The Union of Unions of Farmers and Livestock Farmers denounces that the distribution sector is engaging in a milk price war that is influencing the industry to put pressure on farm-gate prices. The organization references information published by FACUA indicating that last April Mercadona lowered its private-label milk by 1 euro cent (to 96 cents), a move Carrefour followed just days later.
However, this price drop was felt most heavily at the producer level. According to data from the Ministry of Agriculture, the average price in April fell to €0.49 per liter across Spain. This quotation represents a drop of more than 4 euro cents, meaning that, on average, the prices received by dairy cattle farmers have fallen by 9% in a context where production costs remain high and in some cases are rising. "It is inconceivable that we are in this situation, where farmers continue to have conditions imposed on them, such as reducing their income by almost 10% from one month to the next, when no production cost has eased. Industry and distribution are suffocating the production sector; they continue to take advantage of the weakest link in the chain," they denounce.
All this while the dairy industry last week, in the context of World Milk Day (June 1), touted the importance of consuming dairy products, "essential" for health, and called for "building bridges" to achieve a "remunerative and competitive" model for the entire value chain.
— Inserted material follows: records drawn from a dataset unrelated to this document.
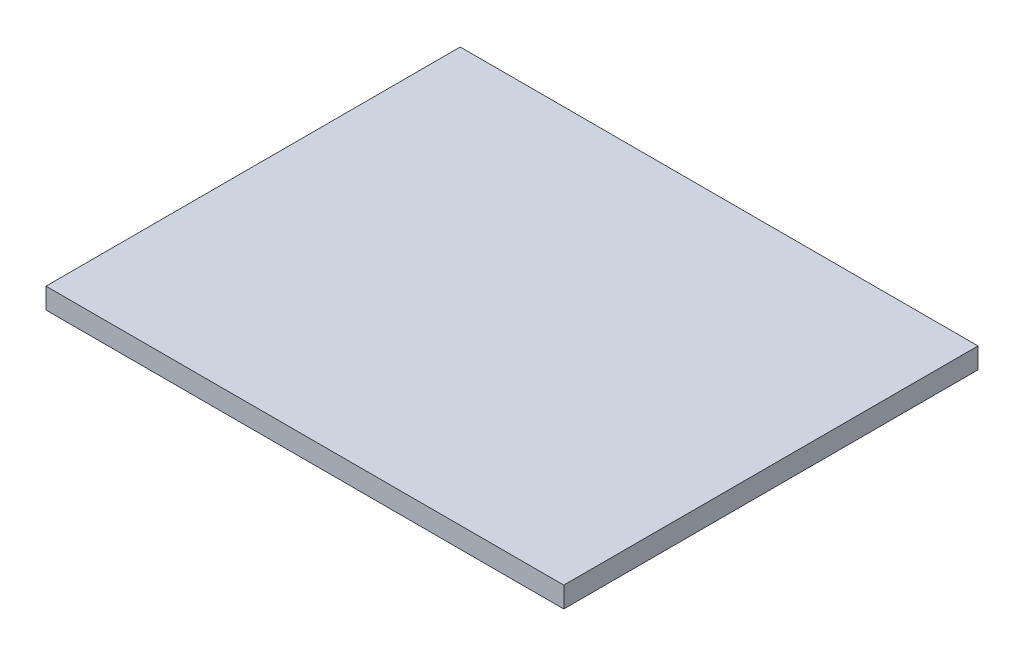
ISO-10303-21;
HEADER;
FILE_DESCRIPTION(('STEP AP214'),'2;1');
FILE_NAME('part.step','',(''),(''),'','','');
FILE_SCHEMA(('AUTOMOTIVE_DESIGN { 1 0 10303 214 1 1 1 1 }'));
ENDSEC;
DATA;
#1=APPLICATION_CONTEXT('core data for automotive mechanical design processes');
#2=APPLICATION_PROTOCOL_DEFINITION('international standard','automotive_design',2000,#1);
#3=PRODUCT_CONTEXT('',#1,'mechanical');
#4=PRODUCT('Part','Part','',(#3));
#5=PRODUCT_RELATED_PRODUCT_CATEGORY('part','',(#4));
#6=PRODUCT_DEFINITION_FORMATION('','',#4);
#7=PRODUCT_DEFINITION_CONTEXT('part definition',#1,'design');
#8=PRODUCT_DEFINITION('design','',#6,#7);
#9=PRODUCT_DEFINITION_SHAPE('','',#8);
#10=(LENGTH_UNIT() NAMED_UNIT(*) SI_UNIT(.MILLI.,.METRE.));
#11=(NAMED_UNIT(*) PLANE_ANGLE_UNIT() SI_UNIT($,.RADIAN.));
#12=(NAMED_UNIT(*) SI_UNIT($,.STERADIAN.) SOLID_ANGLE_UNIT());
#13=UNCERTAINTY_MEASURE_WITH_UNIT(LENGTH_MEASURE(1.E-05),#10,'distance_accuracy_value','');
#14=(GEOMETRIC_REPRESENTATION_CONTEXT(3) GLOBAL_UNCERTAINTY_ASSIGNED_CONTEXT((#13)) GLOBAL_UNIT_ASSIGNED_CONTEXT((#10,
#11,#12)) REPRESENTATION_CONTEXT('',''));
#15=CARTESIAN_POINT('',(0.,0.,0.));
#16=DIRECTION('',(0.,0.,1.));
#17=DIRECTION('',(1.,0.,0.));
#18=AXIS2_PLACEMENT_3D('',#15,#16,#17);
#19=CARTESIAN_POINT('',(250.,20.,-200.));
#20=DIRECTION('',(-1.,0.,0.));
#21=DIRECTION('',(0.,0.,1.));
#22=AXIS2_PLACEMENT_3D('',#19,#20,#21);
#23=PLANE('',#22);
#24=DIRECTION('',(0.,0.,-1.));
#25=VECTOR('',#24,1.);
#26=CARTESIAN_POINT('',(250.,0.,-200.));
#27=LINE('',#26,#25);
#28=CARTESIAN_POINT('',(250.,0.,200.));
#29=VERTEX_POINT('',#28);
#30=CARTESIAN_POINT('',(250.,0.,-200.));
#31=VERTEX_POINT('',#30);
#32=EDGE_CURVE('E96',#29,#31,#27,.T.);
#33=ORIENTED_EDGE('',*,*,#32,.T.);
#34=DIRECTION('',(0.,-1.,0.));
#35=VECTOR('',#34,1.);
#36=CARTESIAN_POINT('',(250.,20.,-200.));
#37=LINE('',#36,#35);
#38=CARTESIAN_POINT('',(250.,20.,-200.));
#39=VERTEX_POINT('',#38);
#40=EDGE_CURVE('E11',#39,#31,#37,.T.);
#41=ORIENTED_EDGE('',*,*,#40,.F.);
#42=DIRECTION('',(0.,0.,-1.));
#43=VECTOR('',#42,1.);
#44=CARTESIAN_POINT('',(250.,20.,-200.));
#45=LINE('',#44,#43);
#46=CARTESIAN_POINT('',(250.,20.,200.));
#47=VERTEX_POINT('',#46);
#48=EDGE_CURVE('E84',#47,#39,#45,.T.);
#49=ORIENTED_EDGE('',*,*,#48,.F.);
#50=DIRECTION('',(0.,-1.,0.));
#51=VECTOR('',#50,1.);
#52=CARTESIAN_POINT('',(250.,20.,200.));
#53=LINE('',#52,#51);
#54=EDGE_CURVE('E92',#47,#29,#53,.T.);
#55=ORIENTED_EDGE('',*,*,#54,.T.);
#56=EDGE_LOOP('',(#33,#41,#49,#55));
#57=FACE_BOUND('',#56,.T.);
#58=ADVANCED_FACE('F33',(#57),#23,.F.);
#59=CARTESIAN_POINT('',(-250.,20.,-200.));
#60=DIRECTION('',(0.,0.,1.));
#61=DIRECTION('',(1.,0.,0.));
#62=AXIS2_PLACEMENT_3D('',#59,#60,#61);
#63=PLANE('',#62);
#64=DIRECTION('',(-1.,0.,0.));
#65=VECTOR('',#64,1.);
#66=CARTESIAN_POINT('',(-250.,0.,-200.));
#67=LINE('',#66,#65);
#68=CARTESIAN_POINT('',(-250.,0.,-200.));
#69=VERTEX_POINT('',#68);
#70=EDGE_CURVE('E88',#31,#69,#67,.T.);
#71=ORIENTED_EDGE('',*,*,#70,.T.);
#72=DIRECTION('',(0.,-1.,0.));
#73=VECTOR('',#72,1.);
#74=CARTESIAN_POINT('',(-250.,20.,-200.));
#75=LINE('',#74,#73);
#76=CARTESIAN_POINT('',(-250.,20.,-200.));
#77=VERTEX_POINT('',#76);
#78=EDGE_CURVE('E41',#77,#69,#75,.T.);
#79=ORIENTED_EDGE('',*,*,#78,.F.);
#80=DIRECTION('',(-1.,0.,0.));
#81=VECTOR('',#80,1.);
#82=CARTESIAN_POINT('',(-250.,20.,-200.));
#83=LINE('',#82,#81);
#84=EDGE_CURVE('E79',#39,#77,#83,.T.);
#85=ORIENTED_EDGE('',*,*,#84,.F.);
#86=ORIENTED_EDGE('',*,*,#40,.T.);
#87=EDGE_LOOP('',(#71,#79,#85,#86));
#88=FACE_BOUND('',#87,.T.);
#89=ADVANCED_FACE('F87',(#88),#63,.F.);
#90=CARTESIAN_POINT('',(-250.,20.,-200.));
#91=DIRECTION('',(1.,0.,0.));
#92=DIRECTION('',(0.,0.,-1.));
#93=AXIS2_PLACEMENT_3D('',#90,#91,#92);
#94=PLANE('',#93);
#95=DIRECTION('',(0.,0.,1.));
#96=VECTOR('',#95,1.);
#97=CARTESIAN_POINT('',(-250.,0.,-200.));
#98=LINE('',#97,#96);
#99=CARTESIAN_POINT('',(-250.,0.,200.));
#100=VERTEX_POINT('',#99);
#101=EDGE_CURVE('E66',#69,#100,#98,.T.);
#102=ORIENTED_EDGE('',*,*,#101,.T.);
#103=DIRECTION('',(0.,-1.,0.));
#104=VECTOR('',#103,1.);
#105=CARTESIAN_POINT('',(-250.,20.,200.));
#106=LINE('',#105,#104);
#107=CARTESIAN_POINT('',(-250.,20.,200.));
#108=VERTEX_POINT('',#107);
#109=EDGE_CURVE('E89',#108,#100,#106,.T.);
#110=ORIENTED_EDGE('',*,*,#109,.F.);
#111=DIRECTION('',(0.,0.,1.));
#112=VECTOR('',#111,1.);
#113=CARTESIAN_POINT('',(-250.,20.,-200.));
#114=LINE('',#113,#112);
#115=EDGE_CURVE('E82',#77,#108,#114,.T.);
#116=ORIENTED_EDGE('',*,*,#115,.F.);
#117=ORIENTED_EDGE('',*,*,#78,.T.);
#118=EDGE_LOOP('',(#102,#110,#116,#117));
#119=FACE_BOUND('',#118,.T.);
#120=ADVANCED_FACE('F90',(#119),#94,.F.);
#121=CARTESIAN_POINT('',(-250.,20.,200.));
#122=DIRECTION('',(0.,0.,-1.));
#123=DIRECTION('',(-1.,0.,0.));
#124=AXIS2_PLACEMENT_3D('',#121,#122,#123);
#125=PLANE('',#124);
#126=DIRECTION('',(1.,0.,0.));
#127=VECTOR('',#126,1.);
#128=CARTESIAN_POINT('',(-250.,0.,200.));
#129=LINE('',#128,#127);
#130=EDGE_CURVE('E72',#100,#29,#129,.T.);
#131=ORIENTED_EDGE('',*,*,#130,.T.);
#132=ORIENTED_EDGE('',*,*,#54,.F.);
#133=DIRECTION('',(1.,0.,0.));
#134=VECTOR('',#133,1.);
#135=CARTESIAN_POINT('',(-250.,20.,200.));
#136=LINE('',#135,#134);
#137=EDGE_CURVE('E49',#108,#47,#136,.T.);
#138=ORIENTED_EDGE('',*,*,#137,.F.);
#139=ORIENTED_EDGE('',*,*,#109,.T.);
#140=EDGE_LOOP('',(#131,#132,#138,#139));
#141=FACE_BOUND('',#140,.T.);
#142=ADVANCED_FACE('F103',(#141),#125,.F.);
#143=CARTESIAN_POINT('',(0.,20.,0.));
#144=DIRECTION('',(0.,1.,0.));
#145=DIRECTION('',(0.,0.,1.));
#146=AXIS2_PLACEMENT_3D('',#143,#144,#145);
#147=PLANE('',#146);
#148=ORIENTED_EDGE('',*,*,#48,.T.);
#149=ORIENTED_EDGE('',*,*,#84,.T.);
#150=ORIENTED_EDGE('',*,*,#115,.T.);
#151=ORIENTED_EDGE('',*,*,#137,.T.);
#152=EDGE_LOOP('',(#148,#149,#150,#151));
#153=FACE_BOUND('',#152,.T.);
#154=ADVANCED_FACE('F80',(#153),#147,.T.);
#155=CARTESIAN_POINT('',(0.,0.,0.));
#156=DIRECTION('',(0.,1.,0.));
#157=DIRECTION('',(0.,0.,1.));
#158=AXIS2_PLACEMENT_3D('',#155,#156,#157);
#159=PLANE('',#158);
#160=ORIENTED_EDGE('',*,*,#32,.F.);
#161=ORIENTED_EDGE('',*,*,#130,.F.);
#162=ORIENTED_EDGE('',*,*,#101,.F.);
#163=ORIENTED_EDGE('',*,*,#70,.F.);
#164=EDGE_LOOP('',(#160,#161,#162,#163));
#165=FACE_BOUND('',#164,.T.);
#166=ADVANCED_FACE('F106',(#165),#159,.F.);
#167=CLOSED_SHELL('',(#58,#89,#120,#142,#154,#166));
#168=MANIFOLD_SOLID_BREP('B2',#167);
#169=ADVANCED_BREP_SHAPE_REPRESENTATION('',(#18,#168),#14);
#170=SHAPE_DEFINITION_REPRESENTATION(#9,#169);
ENDSEC;
END-ISO-10303-21;

Faced with the current "geopolitics of uncertainty," the president of the National Federation of Dairy Industries (Fenil), Javier Roza, called on public administrations to "not make short-sighted decisions" so that the dairy chain can "invest, grow and guarantee supply in the long term."
Roza highlighted the presence of the dairy industry in rural areas, where it generates stable quality employment, and stressed that "without milk there can be no dairy industry, and without a dairy industry there can be no primary production." "We are not opposing activities. We cannot suffocate the producer nor stop being competitive. We have to build bridges and find a remunerative and competitive model for everyone in the chain," he added.
However, the reality is quite different, with farmers leaving the activity due to lack of profitability because of the prices they receive. By autonomous community, the Union of Unions highlights that the industry strikes harder in some of the largest producing regions, with Galicia recording price drops of 12%, Castile and León 10%, Castile-La Mancha 11%, Extremadura and Madrid 8%, and Andalusia 6%.
The Union of Unions also denounces that, in Galicia, several manufacturers for Mercadona are proposing for this quarter contract offers that, ignoring the reality of the farms, again propose similar drops and further strain the already difficult situation of the agricultural sector. The organization criticizes this practice that the chain can afford from its position, since it already has 30% of the market share, and urges, on the one hand, the Food Information and Control Agency (AICA) to open an investigation, and the Ministry to consider defining abuse of dominant position in the Food Chain Law.
"It is difficult to convey to the consumer that what is good for their wallet today will harm them in the long run," comments the Union of Unions. "The pressure that dairy farms suffer will eventually be transferred to the shelf," they point out, noting that in April there were only 8,600 dairy cattle farms in Spain, 530 fewer than in the same period last year, representing the disappearance of 1.5 farms per day.
The Union of Unions explains that this situation with distribution and industry is not new and that these practices occur regularly. On this occasion, it is also aggravated by increasingly high production costs that farms cannot absorb. In this regard, it is noted that the extra cost per liter for a dairy cattle farm already amounts to 6 euro cents, especially due to energy costs (which have increased by 30%) and feed. Likewise, the organization recalls that the cost of fertilizers also ends up affecting livestock production costs. Considering the drop of up to 7 euro cents in some cases, the real situation is that farmers have 13 euro cents less liquidity per liter every month since April.
Value in the shopping basket.
Dairy products are present in 100% of Spanish households and represent 10% of spending on mass consumption, 15% of volume and 37% of shopping baskets, according to the consultancy Worldpanel by Numerator (Kantar).
Its Director of Institutional Relations, Raquel Arribas, highlights that average spending on dairy products exceeds €500 per year per household, 13% more compared to 2022, and the sector is second in value after meat in the shopping basket. Dairy products are present in one out of every two consumption occasions and were able to drive the growth of mass consumption above expectations in the last year, adapting to changes in habits, points out Raquel Arribas.